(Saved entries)

<<<<

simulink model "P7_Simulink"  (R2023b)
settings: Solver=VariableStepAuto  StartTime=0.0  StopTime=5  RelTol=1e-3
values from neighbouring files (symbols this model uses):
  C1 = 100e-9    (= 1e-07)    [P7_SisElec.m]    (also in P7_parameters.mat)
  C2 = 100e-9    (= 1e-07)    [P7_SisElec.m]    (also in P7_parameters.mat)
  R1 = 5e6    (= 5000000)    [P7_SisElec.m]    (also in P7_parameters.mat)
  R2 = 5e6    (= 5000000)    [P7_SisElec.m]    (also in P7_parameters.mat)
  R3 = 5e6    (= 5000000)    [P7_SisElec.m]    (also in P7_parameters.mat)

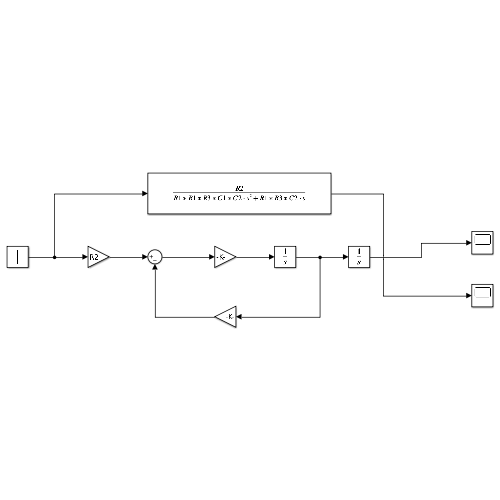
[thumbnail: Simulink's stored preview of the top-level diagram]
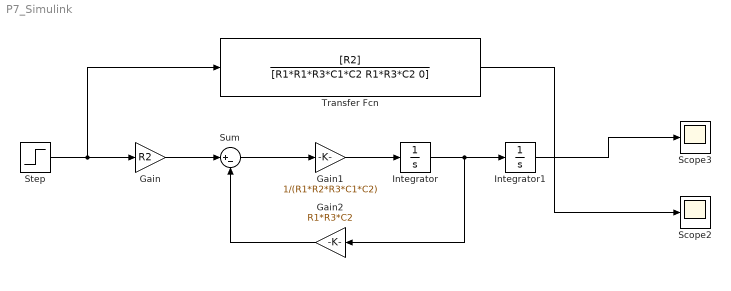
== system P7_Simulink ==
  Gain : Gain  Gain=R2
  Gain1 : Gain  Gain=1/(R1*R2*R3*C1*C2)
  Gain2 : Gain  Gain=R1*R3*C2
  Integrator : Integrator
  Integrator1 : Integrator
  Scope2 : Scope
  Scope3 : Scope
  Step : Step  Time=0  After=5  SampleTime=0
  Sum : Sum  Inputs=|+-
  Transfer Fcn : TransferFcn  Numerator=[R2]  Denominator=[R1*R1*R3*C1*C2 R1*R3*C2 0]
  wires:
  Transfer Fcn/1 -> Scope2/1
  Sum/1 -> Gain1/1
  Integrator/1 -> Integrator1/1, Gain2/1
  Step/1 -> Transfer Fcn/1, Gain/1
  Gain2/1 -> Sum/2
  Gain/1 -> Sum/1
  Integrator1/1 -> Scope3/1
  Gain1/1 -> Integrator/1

>>>>

▸ Your goal
Only the lines from the one containing "Transfer Fcn : TransferFcn" through the last line above belong in your answer. Retype them exactly.

▸ Answer for this exercise
  Transfer Fcn : TransferFcn  Numerator=[R2]  Denominator=[R1*R1*R3*C1*C2 R1*R3*C2 0]
  wires:
  Transfer Fcn/1 -> Scope2/1
  Sum/1 -> Gain1/1
  Integrator/1 -> Integrator1/1, Gain2/1
  Step/1 -> Transfer Fcn/1, Gain/1
  Gain2/1 -> Sum/2
  Gain/1 -> Sum/1
  Integrator1/1 -> Scope3/1
  Gain1/1 -> Integrator/1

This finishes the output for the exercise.